Felicity’s rage all the next day shakes her little body to shrieking point. There
is a plot, there is a plot, against me, is the main theme of all she says to her sewing
companions between the Hours of Lauds and Prime, Prime and Terce, Terce and Sext. In the
afternoon, she takes to her bed, while her bewildered friends hunt the thimble and are
well overheard in the control room in all their various exchanges and conjectures.
Towards evening Walburga reports to Alexandra, ‘Her supporters are wavering. The
nasty little bitch can’t stand our gentleness.’
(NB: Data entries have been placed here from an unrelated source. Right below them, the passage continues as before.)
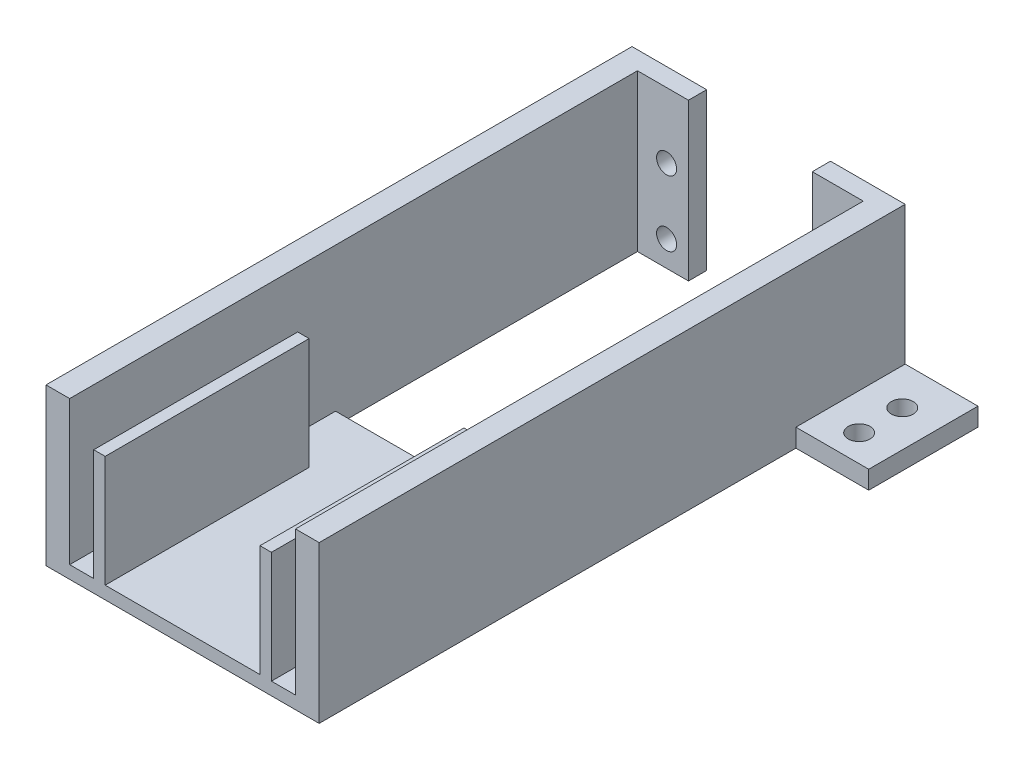
from build123d import *

# Parameters (mm, degrees)
SKETCH1_R             = 2.75
BOSS_EXTRUDE1_DEPTH   = 5
BOSS_EXTRUDE1_2_DEPTH = 5
SKETCH16_W            = 6.5
SKETCH16_H            = 43
BOSS_EXTRUDE2_DEPTH   = 162.9
SKETCH18_W            = 80
SKETCH18_H            = 3.5
BOSS_EXTRUDE3_DEPTH   = 64.9
SKETCH19_W            = 5
SKETCH19_H            = 39.5
BOSS_EXTRUDE4_DEPTH   = 64.9
SKETCH20_W            = 30
SKETCH20_H            = 5
BOSS_EXTRUDE5_DEPTH   = 20
SKETCH21_W            = 30
SKETCH21_H            = 5
BOSS_EXTRUDE6_DEPTH   = 20
SKETCH22_R            = 3
CUT_EXTRUDE1_DEPTH    = 20
SKETCH24_W            = 3.140120034
SKETCH24_H            = 30.638672015
SKETCH24_W_2          = 3.14
BOSS_EXTRUDE8_DEPTH   = 58
SKETCH25_W            = 75
SKETCH25_H            = 43
CUT_EXTRUDE2_DEPTH    = 7


with BuildPart() as part:
    # Sketch1 → Boss-Extrude1 (new body)
    with BuildSketch(Plane.XY):
        Polygon((20.5, 43), (20.5, 18), (20.5, 0), (0, 0), (0, 43), align=None)
        with Locations((14.5, 25)):
            Circle(SKETCH1_R, mode=Mode.SUBTRACT)
        with Locations((14.5, 7)):
            Circle(SKETCH1_R, mode=Mode.SUBTRACT)
    extrude(amount=BOSS_EXTRUDE1_DEPTH)



with BuildPart() as body_2:
    # Sketch1 → Boss-Extrude1 2 (new body)
    with BuildSketch(Plane.XY):
        Polygon((75, 0), (75, 43), (54.5, 43), (54.5, 18), (54.5, 0), align=None)
        with Locations((60.5, 7)):
            Circle(SKETCH1_R, mode=Mode.SUBTRACT)
        with Locations((60.5, 25)):
            Circle(SKETCH1_R, mode=Mode.SUBTRACT)
    extrude(amount=BOSS_EXTRUDE1_2_DEPTH)


with BuildPart() as part_1:
    add(part.part)

    add(body_2.part)  # Boss-Extrude2 merges body 2
    # Sketch16 → Boss-Extrude2 (add)
    with BuildSketch(Plane.XY.offset(5)):
        with Locations((71.75, 21.5)):
            Rectangle(SKETCH16_W, SKETCH16_H)
        with Locations((3.25, 21.5)):
            Rectangle(SKETCH16_W, SKETCH16_H)
    extrude(amount=BOSS_EXTRUDE2_DEPTH)

    # Sketch18 → Boss-Extrude3 (add)
    with BuildSketch(Plane.ZY.offset(-68.5)):
        with Locations((127.9, 1.75)):
            Rectangle(SKETCH18_W, SKETCH18_H)
    extrude(amount=BOSS_EXTRUDE3_DEPTH)

    # Sketch19 → Boss-Extrude4 (add)
    with BuildSketch(Plane.ZY.offset(-68.5)):
        with Locations((165.4, 23.25)):
            Rectangle(SKETCH19_W, SKETCH19_H)
    extrude(amount=BOSS_EXTRUDE4_DEPTH)

    # Sketch20 → Boss-Extrude5 (add)
    with BuildSketch(Plane.ZY):
        with Locations((15, 2.5)):
            Rectangle(SKETCH20_W, SKETCH20_H)
    extrude(amount=BOSS_EXTRUDE5_DEPTH)

    # Sketch21 → Boss-Extrude6 (add)
    with BuildSketch(Plane(origin=(75, 0, 0), x_dir=(0, 0, -1), z_dir=(1, 0, 0))):
        with Locations((-15, 2.5)):
            Rectangle(SKETCH21_W, SKETCH21_H)
    extrude(amount=BOSS_EXTRUDE6_DEPTH)

    # Sketch22 → Cut-Extrude1 (cut)
    with BuildSketch(Plane(origin=(0, 5, 0), x_dir=(1, 0, 0), z_dir=(0, 1, 0))):
        with Locations(Location((-10, -10.799084074, 0), (0, 0, 270))):
            Circle(SKETCH22_R)
        with Locations(Location((-10, -22.633830435, 0), (0, 0, 270))):
            Circle(SKETCH22_R)
        with Locations(Location((85, -10.799084074, 0), (0, 0, 270))):
            Circle(SKETCH22_R)
        with Locations(Location((85, -22.633830435, 0), (0, 0, 270))):
            Circle(SKETCH22_R)
    extrude(amount=-CUT_EXTRUDE1_DEPTH, mode=Mode.SUBTRACT)

    # Sketch24 → Boss-Extrude8 (add)
    with BuildSketch(Plane(origin=(0, 0, 162.9), x_dir=(-1, 0, 0), z_dir=(0, 0, -1))):
        with Locations((-60.320060017, 18.819336008)):
            Rectangle(SKETCH24_W, SKETCH24_H)
        with Locations((-14.68, 18.819336008)):
            Rectangle(SKETCH24_W_2, SKETCH24_H)
    extrude(amount=BOSS_EXTRUDE8_DEPTH)

    # Sketch25 → Cut-Extrude2 (cut)
    with BuildSketch(Plane.XY.offset(167.9)):
        with Locations((37.5, 21.5)):
            Rectangle(SKETCH25_W, SKETCH25_H)
    extrude(amount=-CUT_EXTRUDE2_DEPTH, mode=Mode.SUBTRACT)


solid = part_1.part

‘You know, Walburga,’ Alexandra muses, ‘from this moment on, you may
not report such things to me. Everything now is in your hands and those of Sister
Mildred; you are together with Fathers Baudouin and Maximilian, and you are with the aid
of Winifrede. I must remain in the region of unknowing. Proceed but don’t tell me.
I refuse to be told, such knowledge would not become me; I am to be the Abbess of Crewe,
not a programmed computer.’
Felicity lies on her hard bed and at the midnight bell she rises for Matins. My God,
there is a moving light in the sewing-room window! Felicity slips out of the file of
black-cloaked nuns who make their hushed progress to the chapel. Alexandra leads.
Walburga and Mildred are absent. There is a light in the sewing-room, moving as if
someone is holding an electric torch.
The nuns are assembled in the chapel but Felicity stands on the lawn, gazing upward, and
eventually she creeps back to the house and up the stairs.
So it is that she comes upon the two young men rifling her work-box. They have found the
secret compartment. One of the young men holds in his hand Felicity’s
love-letters. Screaming, Felicity retreats, locks the door with the intruders inside,
runs to the telephone and calls the police.